A common need for Azure Web Sites is additional storage beyond the free 20MB SQL Database that is provided. In cases where this additional storage is needed, Azure Storage is often used because of its flexibility, scalability, and low cost in comparison with other data services. As with Azure Web Sites, the first step in provisioning a new storage account is to decide the URL at which the storage account will be accessible. By default, Azure Storage accounts will be exposed to the public with the URL format of http://your-site.core.windows.net, where your-site is specified by you and must be unique among Azure-hosted storage accounts. The difference in subdomains leaves open the convention, if desired, of using the same value for the your-site portion of the URL in both your Azure Web Site and Azure Storage account.

Aside from the URL, the other two pieces of information that must be supplied when creating a Azure Storage account are the Location/Affinity Group and Replication options desired. By default, the Location/Affinity group options will only include Location (the data center in which your data will reside), but you have the ability in the Management Portal to create logical containers called Affinity Groups. Affinity Groups are used to instruct Azure that certain Compute and Storage resources should be grouped close to each other within the data center in order to reduce the network hops between them, reducing transfer cost and latency. Replication options determine how the data is replicated to balance performance, cost, and durability. These include the following:

  • Geo-redundant: This option is selected by default and specifies that the data is replicated to a geographically separated data center in addition to having multiple copies (three to be precise) stored within the local data center. The copying of the data between data centers provides protection against losing data if a man-made or natural disaster were to destroy the local data center or data housed there.
  • Read access geo-redundant: This option is similar to the geo-redundant option but adds the ability to provide direct read-only access to the copies of the data housed on the separate store. This can provide fault tolerance and allow for load balancing across the resources.
  • Locally redundant: This option provides the option to forego the replication of the data to a secondary data center. While this may seem undesirable (there’s a reason why it is not the default), in certain circumstances applications may not require the additional redundancy. This option offers a discounted pricing structure over geo-replicated storage. Additionally, data transfer using a locally redundant account is faster than that of a geo-replicated account.

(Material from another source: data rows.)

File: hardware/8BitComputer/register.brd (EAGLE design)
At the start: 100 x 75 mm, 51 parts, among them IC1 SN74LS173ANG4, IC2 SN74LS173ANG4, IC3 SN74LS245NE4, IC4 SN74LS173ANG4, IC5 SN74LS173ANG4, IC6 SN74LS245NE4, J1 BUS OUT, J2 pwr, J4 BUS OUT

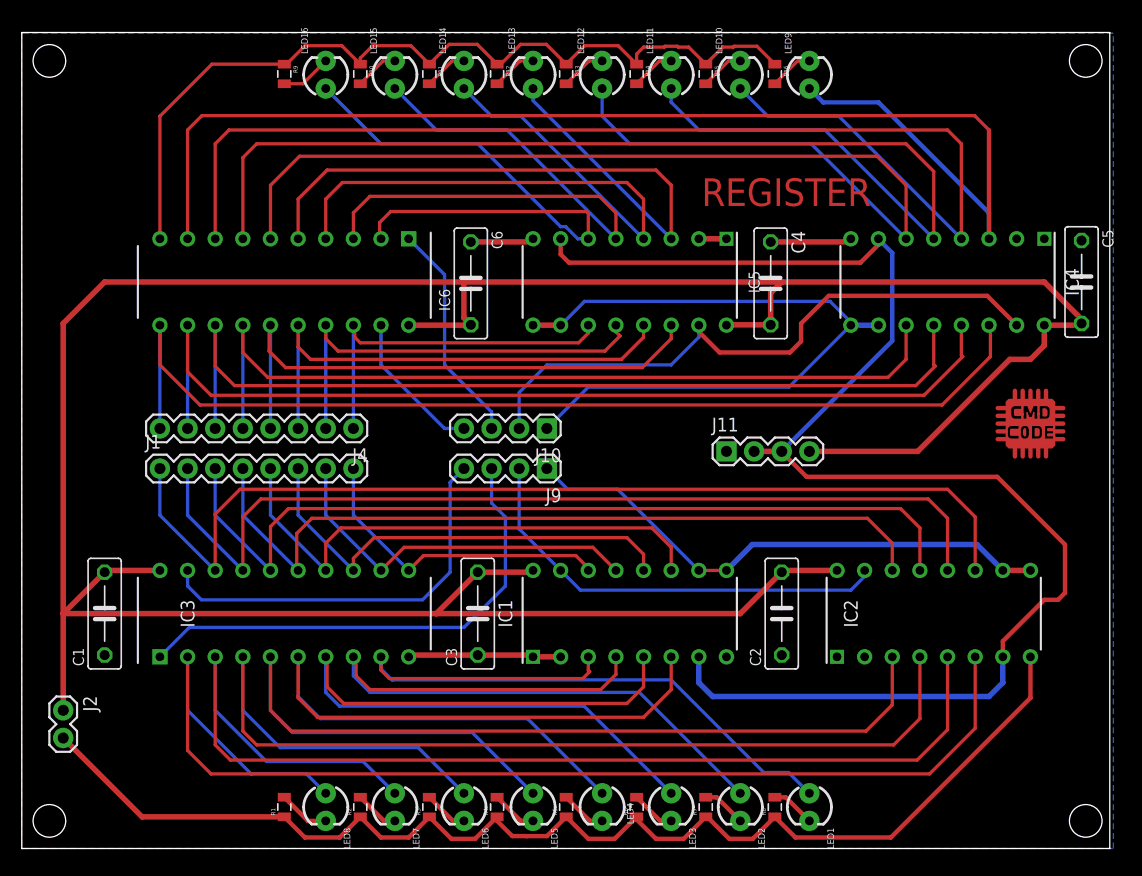
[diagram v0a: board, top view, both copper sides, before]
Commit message: adding static ram chip updated all other boards to remove led resistors that aren't needed
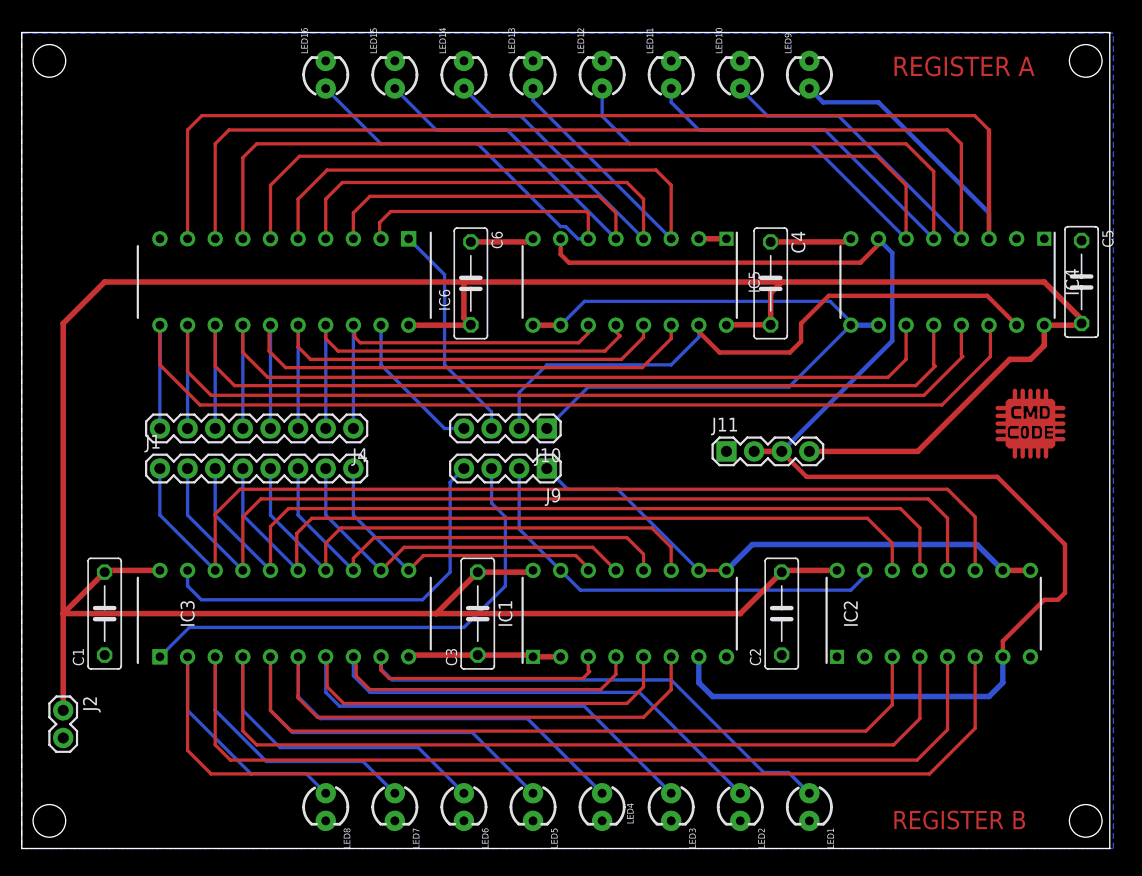
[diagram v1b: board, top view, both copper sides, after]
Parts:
- removed R1, R10, R11, R12, R13, R14, R15, R16, R2, R3, R4, R5, R6, R7, R8, R9: 100 R, passives:0805
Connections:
- removed net N$1: LED9.K, R16.2
- removed net N$2: LED10.K, R15.2
- removed net N$27: LED1.K, R8.2
- removed net N$28: LED2.K, R7.2
- removed net N$29: LED3.K, R6.2
- removed net N$3: LED11.K, R14.2
- removed net N$30: LED4.K, R5.2
- removed net N$31: LED5.K, R4.2
- removed net N$32: LED6.K, R3.2
- removed net N$33: LED7.K, R2.2
- removed net N$34: LED8.K, R1.2
- removed net N$4: LED12.K, R13.2
- removed net N$5: LED13.K, R12.2
- removed net N$6: LED14.K, R11.2
- removed net N$7: LED15.K, R10.2
- removed net N$8: LED16.K, R9.2
- net GND: now also LED1.K, LED10.K, LED11.K, LED12.K, LED13.K, LED14.K, LED15.K, LED16.K, LED2.K, LED3.K, LED4.K, LED5.K, LED6.K, LED7.K, LED8.K, LED9.K; no longer R1.1, R10.1, R11.1, R12.1, R13.1, R14.1, R15.1, R16.1, R2.1, R3.1, R4.1, R5.1, R6.1, R7.1, R8.1, R9.1
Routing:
- net GND: track 224.0 -> 30.0 mm
- net N$34: track 4.71 -> 0.00 mm
- net N$8: track 4.68 -> 0.00 mm
- net N$30: track 4.20 -> 0.00 mm
- net N$31: track 4.20 -> 0.00 mm
- net N$4: track 4.17 -> 0.00 mm
- net N$5: track 4.17 -> 0.00 mm
- net N$33: track 4.07 -> 0.00 mm
- net N$28: track 4.07 -> 0.00 mm
- net N$32: track 4.07 -> 0.00 mm
- net N$29: track 4.07 -> 0.00 mm
- net N$27: track 4.07 -> 0.00 mm
- net N$2: track 4.04 -> 0.00 mm
- net N$7: track 4.04 -> 0.00 mm
- net N$6: track 4.04 -> 0.00 mm
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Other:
- board text added: "REGISTER A"
- board text added: "REGISTER B"
- board text removed: "REGISTER"

When you know the configuration options that you will specify for your Storage account, you can provision the account by selecting the “NEW” command in the Azure Management Portal and navigating the menu hierarchy to “Data Services…Storage…Quick Create.” Specify the desired options and select “Create Storage Account” and Azure will provision your new storage account.

Other Services

SQL Database, Service Bus Queues or any of the other services offered on the Azure platform can be provisioned for use by your application by selecting the “NEW” command in the Azure Management Portal, navigating the hierarchy to find the service, and then following intuitive wizards intended to gather configuration options for the provisioned service.

Summary

In this chapter, you learned how to make services available within your Azure account. Depending on the options selected, many of the services that you may have created will not yet be useful or be in a state where you would want anyone to come visit your website. In the coming chapter, you will learn how to develop and deploy content and code to be hosted within these services.